No other manufacturers face higher stakes with product development than those in the $64-billion medical-product industry. Lifesaving products like cardiovascular lasers and pacemakers leave little room for design errors, and international safety standards provide valuable guidelines for making sure such products are safe and effective devices. Unfortunately, standards can also delay introduction of products by months. And any time lag is too long in an industry where being first to market with patented technology often means the difference between success and failure.

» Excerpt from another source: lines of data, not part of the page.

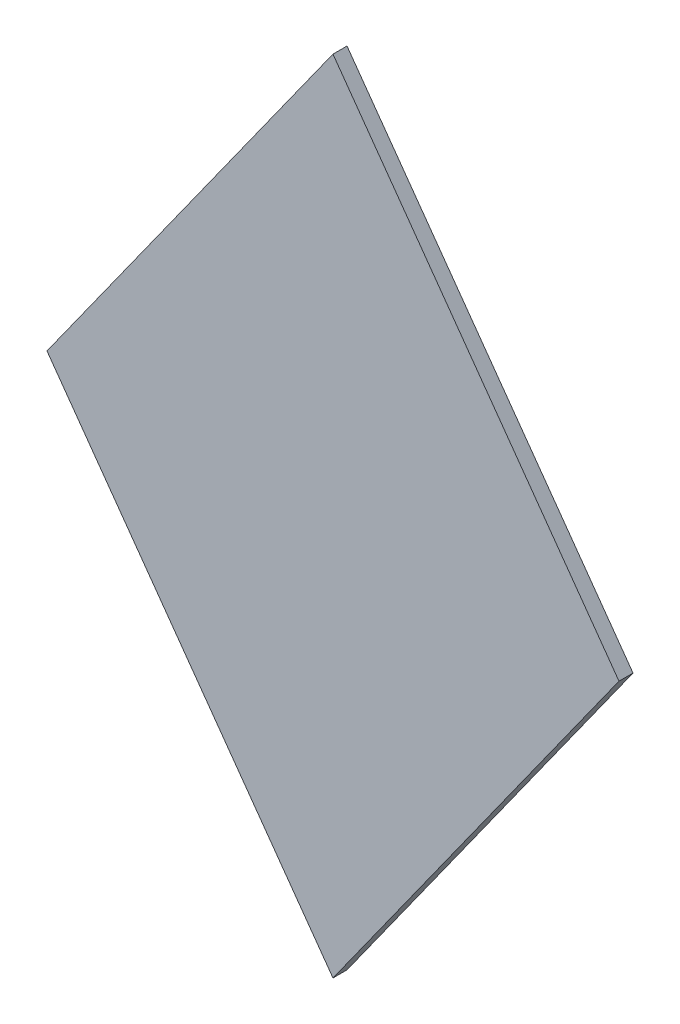
from build123d import *

# Parameters (mm, degrees)
BOSS_EXTRUDE1_DEPTH = 2


with BuildPart() as part:
    # Sketch1 → Boss-Extrude1 (new body)
    with BuildSketch(Plane.XY):
        Polygon((0, 57), (-40.75, 0), (0, -57), (40.75, 0), align=None)
    extrude(amount=BOSS_EXTRUDE1_DEPTH)


solid = part.part
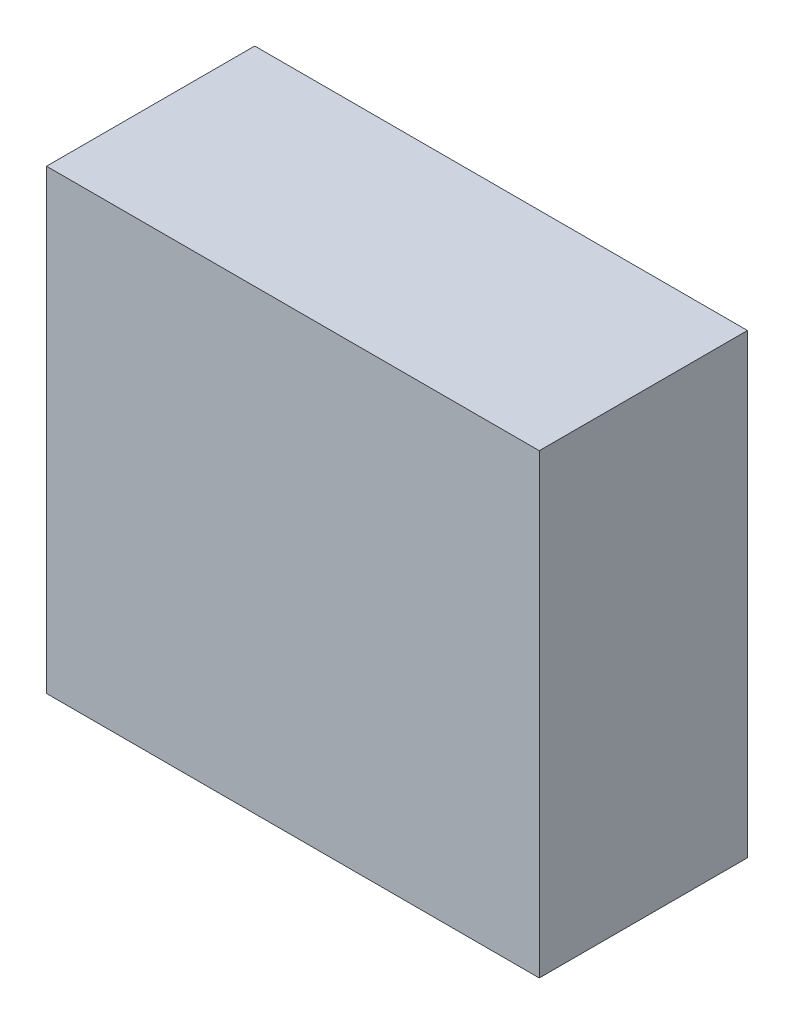
from build123d import *

# Parameters (mm, degrees)
SKETCH1_W           = 180.34
SKETCH1_H           = 167.132
BOSS_EXTRUDE1_DEPTH = 38.1


with BuildPart() as part:
    # Sketch1 → Boss-Extrude1 (new, symmetric)
    with BuildSketch(Plane.XY):
        Rectangle(SKETCH1_W, SKETCH1_H)
    extrude(amount=BOSS_EXTRUDE1_DEPTH, both=True)


solid = part.part

June 1998 brings a new burden to medical OEMs. It marks the first time medical manufacturers must fully comply with new FDA quality process regulations for product design. The good news is that these regulations provide clear guidelines for design and document control.

Recalls lead FDA to action
About 45% of all voluntary medical product recalls are linked to errors in the product design process. When faced with this figure, FDA managers realized how critical the role development plays in a product’s life cycle and significantly revised its Quality Systems Regulation (QSR) rule 820.

Rule 820 has regulated medical product design and manufacturing practices for 20 years. First implemented as the Good Manufacturing Practices (GMP) rule in 1978, it focused on safe manufacturing and product-update practices. After seeing the high number of recalls resulting from initial design flaws, the FDA expanded and renamed the GMP to QSR in 1996. A major addition to the QSR was section (820.30) which covers design control and requires full compliance by June of this year. Under it, medical product manufacturers must be able to show that product designs match initial specifications for use and safety. QSR 820.30 includes three key components:

• Verifying and tracing designs back to original user requirements.
• Keeping regulatory document binders for auditability.
• Maintaining a comprehensive design review process that includes everyone from developers to senior management.

QSR requires that companies “ensure adequate oversight by making verification activities explicit and measuring the thoroughness of their execution.” This means companies should be able to trace the relationships between documents from initial design input through delivering designs to manufacturing. A sample hierarchy might start with a document of requirements that drives two additional documents, one for generating a schematic layout with a subassembly bill of materials (BOM), and a second for generating assembly drawings and work instructions. The schematic and assembly drawings then lead to part and BOM information.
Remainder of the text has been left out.